New species and combinations of Apocynaceae, Bignoniaceae, Clethraceae, and Cunoniaceae from the Neotropics

Juan Francisco Morales1,2,3

1Missouri Botanical Garden 4344 Shaw Blvd. St. Louis, MO 63110, USA.

2Bayreuth Center of Ecology and Environmental Research (BayCEER), University of Bayreuth, Universitätstrasse 30, 95447 Bayreuth, Germany.

3Doctorado en Ciencias Naturales para el Desarrollo (DOCINADE), Universidad Estatal a Distancia, 474–2050 Montes de Oca, Costa Rica.

drjfranciscomorales@gmail.com, https://orcid.org/0000-0002-8906-8567

 

Abstract

Morales J.F. 2018. New species and combinations of Apocynaceae, Bignoniaceae, Clethraceae, and Cunoniaceae from the Neotropics. Anales del Jardín Botánico de Madrid 75 (2): e071. https://doi.org/10.3989/ajbm.2499

Mandevilla arenicola J.F.Morales sp. nov. from Brazil, Clethra secazu J.F.Morales sp. nov. from Costa Rica, and Weinmannia abstrusa J.F.Morales sp. nov. from Honduras are described and illustrated and their relationships with morphologically related species are discussed.

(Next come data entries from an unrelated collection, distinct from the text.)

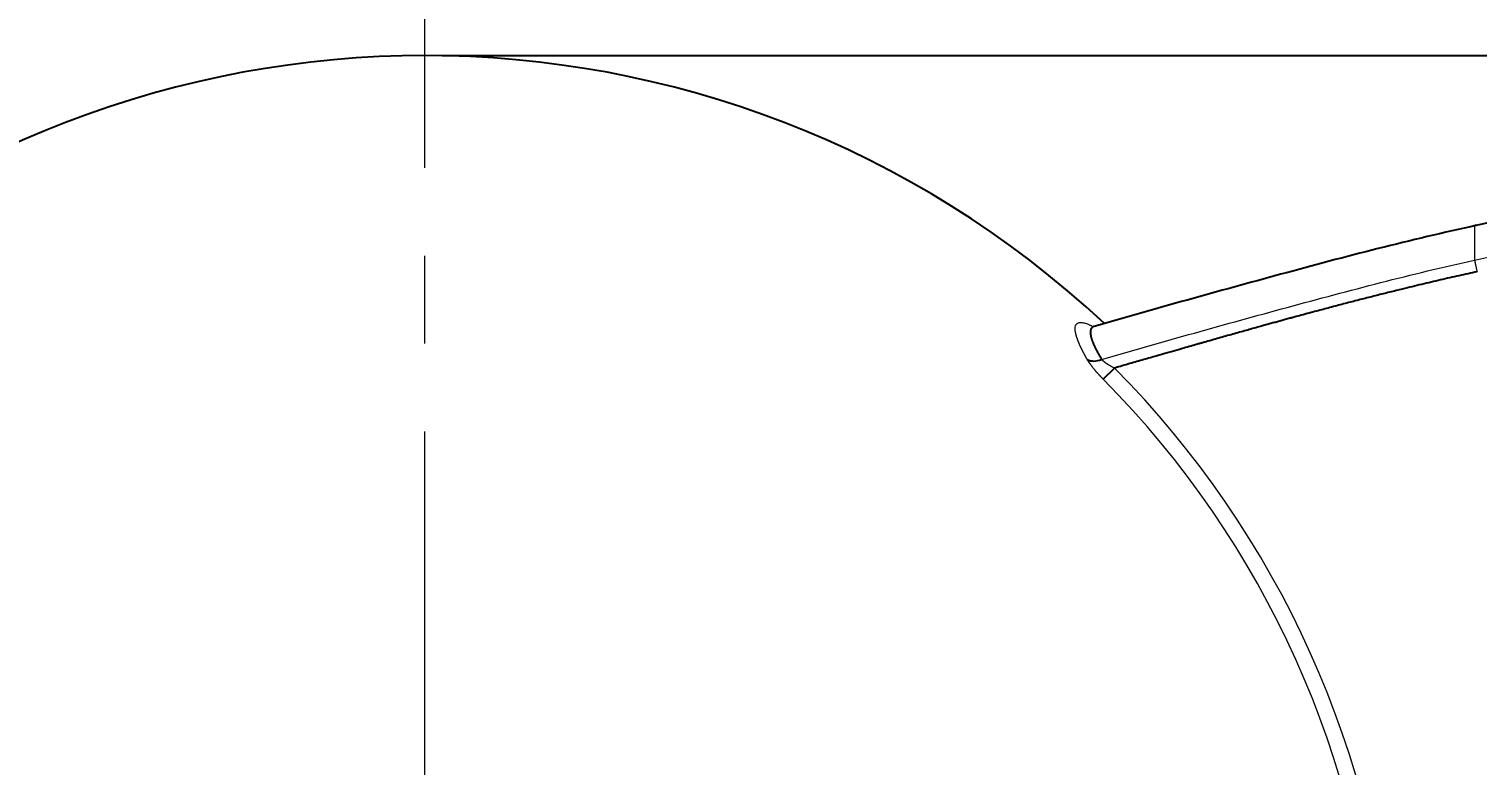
# Model space of a CAD drawing. Header units: millimetres. Extents: x 2068 to 2909, y 530 to 1125.
# Drawn here: x 2270.4 to 2322.7, y 842.6 to 869.2 of the extents above; entities that cross this region are included whole.
import ezdxf

# ---------------------------------------------------------------- set-up
doc = ezdxf.new("R2010")
doc.units = ezdxf.units.MM
doc.linetypes.add('CENTER2', pattern=[28.575, 19.05, -3.175, 3.175, -3.175])
doc.linetypes.add('CENTERX2', pattern=[101.6, 63.5, -12.7, 12.7, -12.7])
doc.layers.add('CENTER', color=1, linetype='CENTERX2', lineweight=15)
doc.layers.add('DIM', color=3, linetype='Continuous', lineweight=9)
doc.styles.get("Standard").update_dxf_attribs({"font": 'arial.ttf'})
doc.dimstyles.new('ISO-25', dxfattribs={"dimtxt": 5, "dimasz": 5, "dimexe": 1.25, "dimexo": 0.625, "dimgap": 1.5, "dimtad": 1, "dimtih": 1, "dimtoh": 1, "dimdec": 1, "dimdsep": 46, "dimtxsty": 'Standard', "dimcen": 2.5, "dimclrd": 3, "dimclre": 3, "dimclrt": 4, "dimadec": 0, "dimazin": 0, "dimtfac": 1, "dimtdec": 1, "dimtmove": 0, "dimatfit": 3, "dimfxl": 1, "dimarcsym": 0})

# ---------------------------------------------------------------- blocks, each defined once
blk = doc.blocks.new('*D7')
at = {"layer": 'Defpoints', "color": 0, "transparency": 16777216}
for p in [(2353.873, 909.593), (2215.529, 832.382), (2353.873, 832.289)]:
    blk.add_point(p, dxfattribs=at)
at = {"layer": 'DIM', "color": 3, "lineweight": -2, "transparency": 16777216}
for p, q in [((2215.529, 833.007), (2215.529, 910.843)), ((2353.873, 832.914), (2353.873, 910.843)), ((2220.529, 909.593), (2275.054, 909.593)), ((2348.873, 909.593), (2294.456, 909.593))]:
    blk.add_line(p, q, dxfattribs=at)
at = {"layer": 'DIM', "color": 3, "transparency": 16777216}
for points in [[(2220.529, 910.426), (2220.529, 908.759), (2215.529, 909.593)], [(2348.873, 910.426), (2348.873, 908.759), (2353.873, 909.593)]]:
    blk.add_solid(points, dxfattribs=at)
at = {"layer": 'DIM', "color": 4, "transparency": 16777216, "insert": (2276.554, 912.147), "char_height": 5, "attachment_point": 1}
blk.add_mtext('138.3', dxfattribs=at)
blk = doc.blocks.new('*D9')
at = {"layer": 'Defpoints', "color": 0, "transparency": 16777216}
for p in [(2284.701, 868.26), (2376.182, 868.26), (2313.401, 740.774)]:
    blk.add_point(p, dxfattribs=at)
at = {"layer": 'DIM', "color": 3, "lineweight": -2, "transparency": 16777216}
for p, q in [((2285.326, 868.26), (2377.432, 868.26)), ((2376.182, 863.26), (2376.182, 808.57)), ((2376.182, 745.774), (2376.182, 800.464)), ((2314.026, 740.774), (2377.432, 740.774))]:
    blk.add_line(p, q, dxfattribs=at)
at = {"layer": 'DIM', "color": 3, "transparency": 16777216}
for points in [[(2375.349, 863.26), (2377.016, 863.26), (2376.182, 868.26)], [(2375.349, 745.774), (2377.016, 745.774), (2376.182, 740.774)]]:
    blk.add_solid(points, dxfattribs=at)
at = {"layer": 'DIM', "color": 4, "transparency": 16777216, "insert": (2367.963, 807.07), "char_height": 5, "attachment_point": 1}
blk.add_mtext('127.5', dxfattribs=at)

msp = doc.modelspace()

# ---------------------------------------------------------------- linework, layer by layer
at = {"linetype": 'Continuous', "lineweight": 25}
msp.add_line((2309.221, 856.564), (2309.63, 856.969), dxfattribs=at)
msp.add_arc((2284.701, 832.26), 36, 47.0023, 132.9977, dxfattribs=at)
at = {"linetype": 'Continuous', "lineweight": 18}
for radius in [35.1, 34.524]:
    msp.add_arc((2284.701, 832.26), radius, 3.7558, 44.7453, dxfattribs=at)
at = {"linetype": 'Continuous', "lineweight": 25}
msp.add_ellipse((2309.042, 857.694), major_axis=(0.521, 0.298), ratio=0.705356, start_param=3.537666, end_param=4.541377, dxfattribs=at)
for points, degree in [([(2326.168, 862.75), (2324.394, 862.488), (2322.64, 862.111)], 2), ([(2308.89, 858.47), (2308.88, 858.469), (2308.874, 858.467), (2308.875, 858.462)], 3)]:
    msp.add_open_spline(points, degree=degree, dxfattribs=at)
for points, degree, knots in [([(2322.719, 862.127), (2321.526, 861.862), (2319.154, 861.306), (2314.55, 860.069), (2311.133, 859.12), (2308.895, 858.469)], 3, [0, 0, 0, 0, 0.256147, 0.511019, 1, 1, 1, 1]), ([(2322.731, 860.448), (2319.82, 859.815), (2316.153, 858.816), (2314.737, 858.431), (2312.888, 857.904), (2312.367, 857.755), (2309.63, 856.969)], 2, [0, 0, 0, 0.5, 0.5, 0.75, 0.75, 1, 1, 1]), ([(2308.89, 858.47), (2308.888, 858.47), (2308.882, 858.468), (2308.872, 858.464), (2308.86, 858.459), (2308.849, 858.454), (2308.838, 858.447), (2308.828, 858.441), (2308.819, 858.433), (2308.81, 858.425), (2308.802, 858.416), (2308.795, 858.407), (2308.788, 858.397), (2308.782, 858.386), (2308.777, 858.375), (2308.772, 858.363), (2308.768, 858.35), (2308.764, 858.337), (2308.761, 858.323), (2308.759, 858.308), (2308.757, 858.293), (2308.756, 858.278), (2308.756, 858.261), (2308.756, 858.244), (2308.757, 858.226), (2308.758, 858.208), (2308.76, 858.189), (2308.763, 858.17), (2308.766, 858.15), (2308.77, 858.129), (2308.775, 858.108), (2308.78, 858.086), (2308.786, 858.064), (2308.792, 858.041), (2308.799, 858.017), (2308.807, 857.993), (2308.816, 857.968), (2308.825, 857.943), (2308.834, 857.917), (2308.845, 857.891), (2308.856, 857.864), (2308.867, 857.836), (2308.879, 857.808), (2308.892, 857.779), (2308.906, 857.75), (2308.92, 857.72), (2308.935, 857.689), (2308.95, 857.658), (2308.966, 857.626), (2308.983, 857.594), (2309, 857.561), (2309.018, 857.528), (2309.036, 857.494), (2309.056, 857.46), (2309.075, 857.425), (2309.096, 857.39), (2309.117, 857.354), (2309.139, 857.318), (2309.154, 857.293), (2309.161, 857.281)], 3, [0, 0, 0, 0, 0.008043, 0.025154, 0.042276, 0.059411, 0.076561, 0.093727, 0.11091, 0.128112, 0.145334, 0.162578, 0.179845, 0.197136, 0.214451, 0.231788, 0.249147, 0.266527, 0.283928, 0.301348, 0.318786, 0.336242, 0.353714, 0.3712, 0.3887, 0.406212, 0.423735, 0.441267, 0.458806, 0.47635, 0.4939, 0.511457, 0.529026, 0.54661, 0.564212, 0.581836, 0.599485, 0.617164, 0.634876, 0.652625, 0.670413, 0.688245, 0.706124, 0.724053, 0.742036, 0.760076, 0.778177, 0.79634, 0.814567, 0.832854, 0.851202, 0.86961, 0.888074, 0.906596, 0.925172, 0.943802, 0.962484, 0.981217, 1, 1, 1, 1])]:
    msp.add_open_spline(points, degree=degree, knots=knots, dxfattribs=at)
at = {"linetype": 'Continuous', "lineweight": 18}
for points, knots in [([(2322.64, 862.111), (2322.64, 862.111), (2322.64, 862.106), (2322.64, 861.832), (2322.64, 861.209), (2322.64, 860.867)], [0, 0, 0, 0, 0.017469, 0.549582, 1, 1, 1, 1]), ([(2309.161, 857.281), (2311.394, 857.924), (2313.629, 858.554), (2316.434, 859.314), (2316.995, 859.465), (2318.119, 859.763), (2319.807, 860.206), (2321.503, 860.619), (2322.64, 860.867)], [0, 0, 0, 0, 0.5, 0.5, 0.625, 0.625, 0.75, 1, 1, 1, 1]), ([(2308.643, 857.277), (2308.639, 857.283), (2308.632, 857.297), (2308.62, 857.317), (2308.609, 857.337), (2308.598, 857.357), (2308.587, 857.377), (2308.576, 857.396), (2308.566, 857.415), (2308.555, 857.435), (2308.545, 857.454), (2308.535, 857.473), (2308.525, 857.491), (2308.515, 857.51), (2308.505, 857.529), (2308.496, 857.547), (2308.486, 857.565), (2308.477, 857.583), (2308.468, 857.601), (2308.459, 857.619), (2308.45, 857.637), (2308.442, 857.654), (2308.433, 857.671), (2308.425, 857.689), (2308.417, 857.706), (2308.409, 857.722), (2308.401, 857.739), (2308.393, 857.756), (2308.386, 857.772), (2308.378, 857.789), (2308.371, 857.805), (2308.364, 857.821), (2308.357, 857.837), (2308.351, 857.853), (2308.344, 857.868), (2308.338, 857.884), (2308.331, 857.899), (2308.325, 857.914), (2308.319, 857.929), (2308.313, 857.944), (2308.308, 857.959), (2308.302, 857.974), (2308.297, 857.988), (2308.292, 858.002), (2308.287, 858.017), (2308.282, 858.031), (2308.277, 858.045), (2308.272, 858.058), (2308.268, 858.072), (2308.264, 858.086), (2308.259, 858.099), (2308.255, 858.112), (2308.252, 858.125), (2308.248, 858.138), (2308.244, 858.151), (2308.241, 858.164), (2308.238, 858.176), (2308.234, 858.189), (2308.231, 858.201), (2308.219, 858.257), (2308.203, 858.347), (2308.204, 858.453), (2308.228, 858.533), (2308.275, 858.587), (2308.336, 858.612), (2308.401, 858.619), (2308.463, 858.615), (2308.532, 858.601), (2308.609, 858.578), (2308.694, 858.545), (2308.777, 858.507), (2308.831, 858.479), (2308.854, 858.468)], [0, 0, 0, 0, 0.006291, 0.01257, 0.018837, 0.025092, 0.031337, 0.03757, 0.043793, 0.050005, 0.056208, 0.062401, 0.068585, 0.074761, 0.080928, 0.087087, 0.093238, 0.099382, 0.105519, 0.11165, 0.117774, 0.123892, 0.130005, 0.136113, 0.142216, 0.148315, 0.15441, 0.160501, 0.166589, 0.172674, 0.178756, 0.184836, 0.190915, 0.196992, 0.203068, 0.209144, 0.215219, 0.221295, 0.227371, 0.233447, 0.239525, 0.245605, 0.251687, 0.257771, 0.263857, 0.269947, 0.276041, 0.282138, 0.288239, 0.294345, 0.300456, 0.306573, 0.312695, 0.318823, 0.324957, 0.331099, 0.337247, 0.343404, 0.349568, 0.35574, 0.428253, 0.49899, 0.568698, 0.638168, 0.708208, 0.751747, 0.795095, 0.838431, 0.881937, 0.925791, 0.970168, 1, 1, 1, 1]), ([(2309.221, 856.564), (2309.217, 856.569), (2309.207, 856.578), (2309.193, 856.593), (2309.179, 856.607), (2309.165, 856.622), (2309.151, 856.636), (2309.137, 856.65), (2309.124, 856.665), (2309.11, 856.679), (2309.097, 856.693), (2309.084, 856.707), (2309.071, 856.722), (2309.058, 856.736), (2309.045, 856.75), (2309.032, 856.764), (2309.019, 856.778), (2309.007, 856.792), (2308.994, 856.806), (2308.982, 856.82), (2308.97, 856.834), (2308.958, 856.848), (2308.946, 856.862), (2308.934, 856.876), (2308.922, 856.89), (2308.911, 856.904), (2308.899, 856.918), (2308.885, 856.936), (2308.867, 856.957), (2308.847, 856.982), (2308.828, 857.007), (2308.809, 857.032), (2308.791, 857.056), (2308.773, 857.079), (2308.756, 857.103), (2308.74, 857.126), (2308.724, 857.148), (2308.709, 857.171), (2308.695, 857.193), (2308.681, 857.214), (2308.668, 857.235), (2308.655, 857.256), (2308.647, 857.27), (2308.643, 857.277)], [0, 0, 0, 0, 0.020098, 0.040098, 0.060005, 0.079822, 0.099554, 0.119202, 0.138772, 0.158267, 0.177691, 0.197047, 0.21634, 0.235574, 0.254752, 0.273878, 0.292957, 0.311992, 0.330987, 0.349947, 0.368875, 0.387775, 0.406651, 0.425508, 0.44435, 0.46318, 0.482002, 0.500821, 0.535641, 0.570117, 0.604276, 0.638144, 0.671752, 0.705126, 0.738298, 0.771296, 0.804152, 0.836895, 0.869556, 0.902166, 0.934756, 0.967357, 1, 1, 1, 1]), ([(2309.161, 857.281), (2309.163, 857.279), (2309.167, 857.275), (2309.172, 857.269), (2309.178, 857.263), (2309.185, 857.257), (2309.191, 857.251), (2309.198, 857.244), (2309.205, 857.238), (2309.212, 857.231), (2309.22, 857.225), (2309.228, 857.218), (2309.236, 857.211), (2309.245, 857.204), (2309.254, 857.197), (2309.263, 857.19), (2309.272, 857.183), (2309.281, 857.176), (2309.291, 857.168), (2309.301, 857.161), (2309.312, 857.154), (2309.323, 857.146), (2309.333, 857.139), (2309.345, 857.131), (2309.356, 857.124), (2309.371, 857.114), (2309.388, 857.103), (2309.41, 857.09), (2309.433, 857.076), (2309.457, 857.062), (2309.483, 857.047), (2309.509, 857.032), (2309.538, 857.017), (2309.567, 857.001), (2309.598, 856.985), (2309.619, 856.974), (2309.63, 856.969)], [0, 0, 0, 0, 0.01775, 0.03574, 0.053975, 0.072459, 0.091196, 0.110191, 0.129446, 0.148965, 0.168752, 0.188808, 0.209137, 0.229742, 0.250623, 0.271784, 0.293226, 0.31495, 0.336959, 0.359254, 0.381836, 0.404706, 0.427865, 0.451313, 0.475053, 0.499083, 0.539798, 0.582624, 0.627557, 0.674589, 0.723709, 0.774902, 0.82815, 0.883432, 0.940724, 1, 1, 1, 1])]:
    msp.add_open_spline(points, degree=3, knots=knots, dxfattribs=at)
msp.add_open_spline([(2322.64, 860.867), (2323.213, 860.992), (2324.361, 861.227), (2325.517, 861.427), (2326.096, 861.515)], degree=3, dxfattribs=at)
msp.add_rational_spline([(2322.64, 860.867), (2322.677, 860.694), (2322.731, 860.448)], [0.999756520925, 0.921634460021, 0.999831361696], degree=2, dxfattribs=at)
at = {"layer": 'CENTER', "color": 1, "linetype": 'CENTER2'}
msp.add_line((2284.701, 749.903), (2284.701, 896.563), dxfattribs=at)

# ---------------------------------------------------------------- dimensions: what is measured, and where the dimension line sits
at = {"layer": 'DIM'}
dim = msp.add_linear_dim(base=(2353.873, 909.593), p1=(2215.529, 832.382), p2=(2353.873, 832.289), dimstyle='ISO-25', override={"dimtad": 0, "dimcen": 5, "dimfxl": 1.25}, dxfattribs=at)
dim.commit()
dim.dimension.update_dxf_attribs({"geometry": '*D7', "text_midpoint": (2284.755, 909.593), "dimtype": 160})
dim = msp.add_linear_dim(base=(2376.182, 868.26), p1=(2313.401, 740.774), p2=(2284.701, 868.26), angle=90, dimstyle='ISO-25', override={"dimdsep": 46, "dimcen": 5, "dimfxl": 1.25}, dxfattribs=at)
dim.commit()
dim.dimension.update_dxf_attribs({"geometry": '*D9', "text_midpoint": (2376.182, 804.517), "dimtype": 160})

doc.saveas('drawing.dxf')

Lectotypes are designated for Anemopaegma tonduzianum Kraenzl., Bignonia sarmentosa var. hirtella Benth. and Paragonia pyramidata var. tomentosa Bureau & K. Schum., as well as these last two names have been combined.

Keywords. Anemopaegma, Bignonia, Clethra, Mandevilla, Tanaecium, Weinmannia.

 

Resumen

Nuevas especies y combinaciones de Apocynaceae, Bignoniaceae, Clethraceae y Cunoniaceae del neotrópico.

Se describen e ilustran Mandevilla arenicola J.F.Morales sp. nov. de Brasil, Clethra secazu J.F.Morales sp. nov. de Costa Rica y Weinmannia abstrusa J.F.Morales sp. nov. de Honduras y se discuten sus relaciones con otras especies de morfología semejante. Se designan lectotipos para Anemopaegma tonduzianum Kraenzl., Bignonia sarmentosa var. hirtella Benth. and Paragonia pyramidata var. tomentosa Bureau & K.Schum., así como también se combinan estos dos últimos nombres.

Palabras clave. Anemopaegma, Bignonia, Clethra, Mandevilla, Tanaecium, Weinmannia.

 

Received: 18‒I‒2018; accepted: 15‒VI‒2018; published online: 14‒11‒2018; Associate Editor: J.M. Cardiel.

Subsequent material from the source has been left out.